While these Czech and German towns were becoming defined by these unique churches as a reflection of their cultures, they were also being shaped by the hands of a few gifted local architects and artisans as well. Two of these churches were designed by the San Antonio architect Leo Dielmann, the son of German immigrants who received his formal training in architecture in Germany.
While the Catholic Church had encouraged the design of churches in Texas to be built within the Mediterranean or Mission style, these communities rejected this, and upon his return, Dielmann brought with him a neo-gothic expression that fit so well to these Bohemian and Moravian cultures. While they longed to recapture the spirit of place in their homeland, they were also built by local craftsmen with the materials at hand, limestone and brick, and wood for the vaulting and carved ornament.
The elaborately painted interior that these chapels have become renowned for, were the work of local artisans as well.

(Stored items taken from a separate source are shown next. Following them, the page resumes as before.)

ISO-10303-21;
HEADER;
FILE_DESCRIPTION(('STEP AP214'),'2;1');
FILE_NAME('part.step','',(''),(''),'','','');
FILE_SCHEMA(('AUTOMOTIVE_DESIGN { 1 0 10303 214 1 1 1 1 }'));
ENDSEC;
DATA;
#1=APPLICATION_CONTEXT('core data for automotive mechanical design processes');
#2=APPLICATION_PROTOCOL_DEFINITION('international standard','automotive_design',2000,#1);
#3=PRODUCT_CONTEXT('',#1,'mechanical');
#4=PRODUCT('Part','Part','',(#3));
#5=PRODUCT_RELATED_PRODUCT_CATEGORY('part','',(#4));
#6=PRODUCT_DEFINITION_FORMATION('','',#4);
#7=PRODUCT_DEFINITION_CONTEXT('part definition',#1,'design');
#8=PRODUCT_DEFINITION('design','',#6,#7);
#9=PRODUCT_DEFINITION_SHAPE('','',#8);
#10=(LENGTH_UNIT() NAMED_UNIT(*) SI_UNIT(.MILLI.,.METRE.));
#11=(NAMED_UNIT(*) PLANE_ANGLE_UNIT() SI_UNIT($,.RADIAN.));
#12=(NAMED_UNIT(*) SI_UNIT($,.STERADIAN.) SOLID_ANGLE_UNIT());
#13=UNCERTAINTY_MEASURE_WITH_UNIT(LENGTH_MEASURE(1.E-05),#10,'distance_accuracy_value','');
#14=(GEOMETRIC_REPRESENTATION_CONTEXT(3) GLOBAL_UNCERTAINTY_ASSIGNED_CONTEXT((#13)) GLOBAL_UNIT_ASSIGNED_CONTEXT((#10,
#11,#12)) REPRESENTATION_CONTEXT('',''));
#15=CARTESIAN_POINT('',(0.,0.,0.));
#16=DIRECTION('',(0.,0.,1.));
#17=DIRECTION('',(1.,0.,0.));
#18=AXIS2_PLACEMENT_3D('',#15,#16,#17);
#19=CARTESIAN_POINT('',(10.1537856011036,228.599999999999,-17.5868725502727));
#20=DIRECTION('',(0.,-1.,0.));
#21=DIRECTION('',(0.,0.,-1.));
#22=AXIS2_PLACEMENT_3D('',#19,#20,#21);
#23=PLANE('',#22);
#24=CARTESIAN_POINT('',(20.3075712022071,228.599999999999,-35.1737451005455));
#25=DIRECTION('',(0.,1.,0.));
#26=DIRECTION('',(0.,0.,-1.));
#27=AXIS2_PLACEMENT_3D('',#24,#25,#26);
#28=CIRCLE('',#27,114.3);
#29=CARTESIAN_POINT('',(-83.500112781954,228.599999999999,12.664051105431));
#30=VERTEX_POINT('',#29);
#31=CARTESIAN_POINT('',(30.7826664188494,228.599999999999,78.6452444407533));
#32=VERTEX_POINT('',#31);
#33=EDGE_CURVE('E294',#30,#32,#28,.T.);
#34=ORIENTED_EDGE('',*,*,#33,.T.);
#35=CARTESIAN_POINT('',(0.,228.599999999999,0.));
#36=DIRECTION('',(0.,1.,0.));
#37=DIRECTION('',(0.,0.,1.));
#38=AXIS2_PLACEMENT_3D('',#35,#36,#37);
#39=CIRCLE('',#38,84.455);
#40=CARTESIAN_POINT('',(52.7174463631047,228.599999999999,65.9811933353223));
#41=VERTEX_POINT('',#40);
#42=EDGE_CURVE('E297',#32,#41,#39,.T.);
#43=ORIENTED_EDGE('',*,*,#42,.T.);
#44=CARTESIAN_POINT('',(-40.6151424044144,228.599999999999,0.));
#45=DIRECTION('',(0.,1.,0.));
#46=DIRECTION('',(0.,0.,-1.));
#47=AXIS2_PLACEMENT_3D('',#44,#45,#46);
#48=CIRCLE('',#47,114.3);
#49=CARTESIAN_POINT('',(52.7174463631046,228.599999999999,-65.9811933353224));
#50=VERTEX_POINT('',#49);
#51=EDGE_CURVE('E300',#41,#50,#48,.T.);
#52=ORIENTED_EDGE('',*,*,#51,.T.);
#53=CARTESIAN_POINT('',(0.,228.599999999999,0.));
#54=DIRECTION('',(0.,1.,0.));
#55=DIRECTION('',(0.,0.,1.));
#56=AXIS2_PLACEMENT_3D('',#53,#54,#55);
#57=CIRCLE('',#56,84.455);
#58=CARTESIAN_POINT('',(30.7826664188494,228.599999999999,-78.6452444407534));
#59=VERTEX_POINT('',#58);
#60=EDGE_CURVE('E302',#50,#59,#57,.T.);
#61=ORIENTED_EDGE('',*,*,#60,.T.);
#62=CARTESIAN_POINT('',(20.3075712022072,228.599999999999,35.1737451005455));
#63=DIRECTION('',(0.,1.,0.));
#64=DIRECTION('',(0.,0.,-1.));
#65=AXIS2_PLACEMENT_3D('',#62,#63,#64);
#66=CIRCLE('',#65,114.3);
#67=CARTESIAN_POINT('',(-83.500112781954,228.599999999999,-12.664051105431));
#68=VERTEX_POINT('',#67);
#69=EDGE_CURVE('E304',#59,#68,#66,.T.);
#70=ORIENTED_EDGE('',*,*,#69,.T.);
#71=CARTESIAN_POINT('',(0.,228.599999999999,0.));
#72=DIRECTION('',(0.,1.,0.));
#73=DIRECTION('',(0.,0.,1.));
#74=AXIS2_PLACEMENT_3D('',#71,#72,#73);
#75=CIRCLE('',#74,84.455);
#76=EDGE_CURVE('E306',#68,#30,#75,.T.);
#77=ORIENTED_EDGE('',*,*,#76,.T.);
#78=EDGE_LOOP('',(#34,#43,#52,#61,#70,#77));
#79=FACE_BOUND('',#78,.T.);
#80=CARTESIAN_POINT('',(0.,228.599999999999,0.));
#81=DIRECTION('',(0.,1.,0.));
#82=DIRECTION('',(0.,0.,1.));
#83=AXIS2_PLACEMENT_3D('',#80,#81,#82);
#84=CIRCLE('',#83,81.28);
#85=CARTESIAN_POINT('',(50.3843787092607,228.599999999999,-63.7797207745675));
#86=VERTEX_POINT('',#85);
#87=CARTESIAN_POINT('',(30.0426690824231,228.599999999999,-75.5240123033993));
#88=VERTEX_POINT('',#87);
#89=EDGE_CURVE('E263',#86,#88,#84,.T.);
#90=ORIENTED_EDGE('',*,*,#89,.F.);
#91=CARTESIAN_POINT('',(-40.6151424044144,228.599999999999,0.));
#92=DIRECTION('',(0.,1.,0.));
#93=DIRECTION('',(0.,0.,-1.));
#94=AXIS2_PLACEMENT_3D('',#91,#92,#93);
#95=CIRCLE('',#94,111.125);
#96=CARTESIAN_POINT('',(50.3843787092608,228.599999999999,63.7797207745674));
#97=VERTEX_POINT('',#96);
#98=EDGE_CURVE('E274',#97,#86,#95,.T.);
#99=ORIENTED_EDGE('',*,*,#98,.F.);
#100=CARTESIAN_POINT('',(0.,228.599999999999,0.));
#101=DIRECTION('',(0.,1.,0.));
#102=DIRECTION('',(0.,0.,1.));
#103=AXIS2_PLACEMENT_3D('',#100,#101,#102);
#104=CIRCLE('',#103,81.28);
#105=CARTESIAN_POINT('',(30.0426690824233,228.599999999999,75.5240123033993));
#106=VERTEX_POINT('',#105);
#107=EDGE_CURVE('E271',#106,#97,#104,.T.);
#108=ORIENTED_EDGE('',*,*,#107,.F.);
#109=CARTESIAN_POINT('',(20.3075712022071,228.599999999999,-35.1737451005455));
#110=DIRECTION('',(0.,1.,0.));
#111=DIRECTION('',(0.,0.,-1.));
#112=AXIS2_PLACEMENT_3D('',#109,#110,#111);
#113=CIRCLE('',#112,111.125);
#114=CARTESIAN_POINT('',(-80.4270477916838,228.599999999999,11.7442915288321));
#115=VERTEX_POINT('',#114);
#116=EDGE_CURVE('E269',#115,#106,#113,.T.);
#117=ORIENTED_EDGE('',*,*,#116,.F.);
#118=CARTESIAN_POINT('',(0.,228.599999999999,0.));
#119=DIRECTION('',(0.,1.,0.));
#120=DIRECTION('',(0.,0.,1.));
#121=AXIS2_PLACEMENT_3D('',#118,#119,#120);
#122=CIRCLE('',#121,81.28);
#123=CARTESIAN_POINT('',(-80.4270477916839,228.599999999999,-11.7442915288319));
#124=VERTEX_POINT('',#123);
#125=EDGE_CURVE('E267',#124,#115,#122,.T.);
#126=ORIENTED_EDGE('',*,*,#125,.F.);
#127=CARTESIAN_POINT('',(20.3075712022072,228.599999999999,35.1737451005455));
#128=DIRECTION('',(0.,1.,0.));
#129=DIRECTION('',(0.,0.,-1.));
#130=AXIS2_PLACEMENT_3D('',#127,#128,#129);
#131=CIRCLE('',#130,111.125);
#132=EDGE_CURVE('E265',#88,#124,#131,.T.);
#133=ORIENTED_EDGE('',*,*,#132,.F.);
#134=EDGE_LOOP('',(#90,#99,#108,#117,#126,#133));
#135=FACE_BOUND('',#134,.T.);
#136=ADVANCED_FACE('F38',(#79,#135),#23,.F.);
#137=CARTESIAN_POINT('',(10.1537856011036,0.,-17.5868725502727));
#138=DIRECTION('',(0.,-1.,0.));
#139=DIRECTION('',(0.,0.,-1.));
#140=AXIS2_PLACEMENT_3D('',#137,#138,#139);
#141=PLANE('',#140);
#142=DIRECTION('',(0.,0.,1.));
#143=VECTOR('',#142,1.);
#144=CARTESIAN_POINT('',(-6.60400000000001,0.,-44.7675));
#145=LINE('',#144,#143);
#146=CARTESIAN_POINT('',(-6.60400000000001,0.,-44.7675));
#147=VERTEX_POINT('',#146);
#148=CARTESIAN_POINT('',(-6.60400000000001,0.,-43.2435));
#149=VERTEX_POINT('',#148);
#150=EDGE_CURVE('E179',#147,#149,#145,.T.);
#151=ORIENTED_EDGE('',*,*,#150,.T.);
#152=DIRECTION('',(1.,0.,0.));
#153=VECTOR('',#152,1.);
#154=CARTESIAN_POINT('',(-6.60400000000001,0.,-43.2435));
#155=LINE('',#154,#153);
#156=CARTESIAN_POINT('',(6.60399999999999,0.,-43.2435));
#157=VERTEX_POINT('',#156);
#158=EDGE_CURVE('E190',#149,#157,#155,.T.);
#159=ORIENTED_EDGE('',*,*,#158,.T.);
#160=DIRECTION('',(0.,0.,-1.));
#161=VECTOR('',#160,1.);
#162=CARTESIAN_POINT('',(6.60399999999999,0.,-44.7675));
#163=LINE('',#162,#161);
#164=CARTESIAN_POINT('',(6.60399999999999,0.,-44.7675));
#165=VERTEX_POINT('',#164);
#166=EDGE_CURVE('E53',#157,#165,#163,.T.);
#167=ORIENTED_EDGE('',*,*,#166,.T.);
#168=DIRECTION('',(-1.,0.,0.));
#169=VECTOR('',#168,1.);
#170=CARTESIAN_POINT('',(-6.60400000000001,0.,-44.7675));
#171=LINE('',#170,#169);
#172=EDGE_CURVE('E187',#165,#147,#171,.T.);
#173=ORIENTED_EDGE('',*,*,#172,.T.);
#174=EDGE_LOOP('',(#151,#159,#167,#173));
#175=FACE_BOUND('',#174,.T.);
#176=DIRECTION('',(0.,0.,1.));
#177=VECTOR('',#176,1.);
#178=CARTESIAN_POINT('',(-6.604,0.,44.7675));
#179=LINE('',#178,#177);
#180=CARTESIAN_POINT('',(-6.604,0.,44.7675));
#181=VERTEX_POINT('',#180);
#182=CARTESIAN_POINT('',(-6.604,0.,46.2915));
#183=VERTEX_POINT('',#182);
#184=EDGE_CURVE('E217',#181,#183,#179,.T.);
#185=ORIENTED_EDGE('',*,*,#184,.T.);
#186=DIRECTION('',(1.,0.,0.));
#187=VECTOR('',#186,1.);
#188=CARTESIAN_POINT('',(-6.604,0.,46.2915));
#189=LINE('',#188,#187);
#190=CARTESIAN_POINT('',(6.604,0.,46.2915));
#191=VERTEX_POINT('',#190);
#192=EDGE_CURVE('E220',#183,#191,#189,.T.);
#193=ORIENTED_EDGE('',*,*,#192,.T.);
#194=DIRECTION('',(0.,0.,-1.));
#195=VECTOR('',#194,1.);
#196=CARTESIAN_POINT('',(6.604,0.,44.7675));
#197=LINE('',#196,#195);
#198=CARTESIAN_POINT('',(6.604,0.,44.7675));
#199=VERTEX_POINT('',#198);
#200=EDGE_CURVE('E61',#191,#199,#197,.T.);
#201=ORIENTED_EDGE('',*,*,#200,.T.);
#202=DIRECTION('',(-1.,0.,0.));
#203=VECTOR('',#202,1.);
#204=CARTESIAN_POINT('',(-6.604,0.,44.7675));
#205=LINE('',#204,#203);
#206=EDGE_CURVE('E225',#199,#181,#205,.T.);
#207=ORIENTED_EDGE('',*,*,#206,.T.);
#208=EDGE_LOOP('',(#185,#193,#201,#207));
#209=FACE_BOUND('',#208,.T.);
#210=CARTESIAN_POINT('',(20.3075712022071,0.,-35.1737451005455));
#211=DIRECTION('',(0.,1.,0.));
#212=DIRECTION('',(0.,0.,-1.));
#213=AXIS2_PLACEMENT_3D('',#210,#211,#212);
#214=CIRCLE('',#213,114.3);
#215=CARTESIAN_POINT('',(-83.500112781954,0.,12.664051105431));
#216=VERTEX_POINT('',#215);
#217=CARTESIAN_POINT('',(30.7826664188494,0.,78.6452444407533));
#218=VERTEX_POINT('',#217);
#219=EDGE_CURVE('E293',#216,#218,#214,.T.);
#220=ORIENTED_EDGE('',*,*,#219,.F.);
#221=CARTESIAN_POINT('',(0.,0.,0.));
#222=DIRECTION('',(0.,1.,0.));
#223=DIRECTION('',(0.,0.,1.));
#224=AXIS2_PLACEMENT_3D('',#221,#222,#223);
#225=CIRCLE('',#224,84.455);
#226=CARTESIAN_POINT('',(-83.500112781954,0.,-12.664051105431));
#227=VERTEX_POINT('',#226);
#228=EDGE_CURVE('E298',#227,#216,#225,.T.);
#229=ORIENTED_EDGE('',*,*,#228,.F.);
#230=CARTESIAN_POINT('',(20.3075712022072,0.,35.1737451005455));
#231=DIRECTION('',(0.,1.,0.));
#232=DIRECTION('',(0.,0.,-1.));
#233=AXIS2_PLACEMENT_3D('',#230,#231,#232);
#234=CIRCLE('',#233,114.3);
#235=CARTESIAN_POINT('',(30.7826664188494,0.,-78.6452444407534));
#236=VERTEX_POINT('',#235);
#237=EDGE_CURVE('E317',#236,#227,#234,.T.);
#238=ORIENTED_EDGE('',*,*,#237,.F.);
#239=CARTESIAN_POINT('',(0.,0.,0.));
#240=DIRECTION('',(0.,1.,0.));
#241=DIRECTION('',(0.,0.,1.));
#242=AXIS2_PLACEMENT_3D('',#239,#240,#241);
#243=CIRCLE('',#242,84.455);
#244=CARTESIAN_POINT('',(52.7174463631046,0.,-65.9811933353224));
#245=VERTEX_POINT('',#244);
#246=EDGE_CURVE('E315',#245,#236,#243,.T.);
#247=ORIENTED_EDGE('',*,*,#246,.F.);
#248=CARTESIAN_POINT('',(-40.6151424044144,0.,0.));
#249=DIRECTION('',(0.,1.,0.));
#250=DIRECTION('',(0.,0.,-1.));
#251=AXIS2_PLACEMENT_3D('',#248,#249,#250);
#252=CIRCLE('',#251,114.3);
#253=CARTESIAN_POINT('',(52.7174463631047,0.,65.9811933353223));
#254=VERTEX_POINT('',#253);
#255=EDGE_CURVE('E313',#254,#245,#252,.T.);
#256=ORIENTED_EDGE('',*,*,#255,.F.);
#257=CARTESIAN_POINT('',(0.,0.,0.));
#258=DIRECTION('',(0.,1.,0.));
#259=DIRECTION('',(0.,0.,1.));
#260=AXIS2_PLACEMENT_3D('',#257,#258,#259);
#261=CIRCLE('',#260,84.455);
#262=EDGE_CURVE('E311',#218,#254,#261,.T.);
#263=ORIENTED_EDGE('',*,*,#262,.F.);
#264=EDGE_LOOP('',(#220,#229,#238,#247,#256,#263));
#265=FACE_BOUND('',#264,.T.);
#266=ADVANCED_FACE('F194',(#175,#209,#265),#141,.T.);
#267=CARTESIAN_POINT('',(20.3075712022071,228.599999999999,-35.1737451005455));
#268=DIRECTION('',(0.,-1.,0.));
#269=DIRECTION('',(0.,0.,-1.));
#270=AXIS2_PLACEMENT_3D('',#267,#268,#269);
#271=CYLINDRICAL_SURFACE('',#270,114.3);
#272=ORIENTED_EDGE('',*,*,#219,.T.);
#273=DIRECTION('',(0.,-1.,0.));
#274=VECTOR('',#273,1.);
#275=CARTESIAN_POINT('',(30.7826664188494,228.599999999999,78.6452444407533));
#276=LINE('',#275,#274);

Artists like Gottfried Flury, Fred Doneker, and Ferdinand Stockert and Hermann Kern – another pair of immigrant artists who were based in San Antonio, provided the realization of the Heaven on earth in the interiors of the churches.
Two of these churches in particular that realize the work of Dielmann and the team of Stokert and Kern are those in Dubina and High Hill.
Dubina is known as the “Mother of Czechs in Texas” and its’ Sts. Cyril and Methodius Church is the jewel in her crown. This burgeoning town had grown to more than 600 families, but a hurricane in 1909 destroyed their wooden church and a new neo-gothic inspired church was built to take its place by 1912. While in some ways the most simple of the painted churches in the area, the interior with its beautiful sky-blue ceilings complete with more than 3,000 white gold-leafed stars continue to give parishioners a feeling of being close to heaven.
Framed by numerous stencils and frescoes, a stunning mural depicts the Garden of Gethsemane in the sanctuary behind the steepled high altar, all lit by the tall windows along the nave.
High Hill’s Nativity of the Blessed Virgin Mary is known as the “Queen of the Painted Churches”. This red brick, gothic revival church, built in 1908, reflects Dielmanns early skilled understanding of gothic proportion and rhythm in its massing and detail. Its wood interior has an elaborate altar, a chandelier, a pipe organ, Stations of the Cross imported from Italy and a painted reproduction of Michelangelo’s “Pieta.” The apse glows in periwinkle blue, accented with gold leaf, while the ceiling decorative painting creates the illusion of gothic groin vaulting.
Localized detail fills the tromp l’oeil effects in the faux marbling that was painted with turkey feathers. Intricately detailed, German stained-glass windows fill the nave with dappled colors and light in the afternoon sun.
As seen in the Holy Spirit in the testor above the ambo in High Hill, these details are shaped by the hand of man through the local designers, craftsmen and artisans, and these churches provide an inspiration in both faith and in our desire to create a well built, lasting place within the land.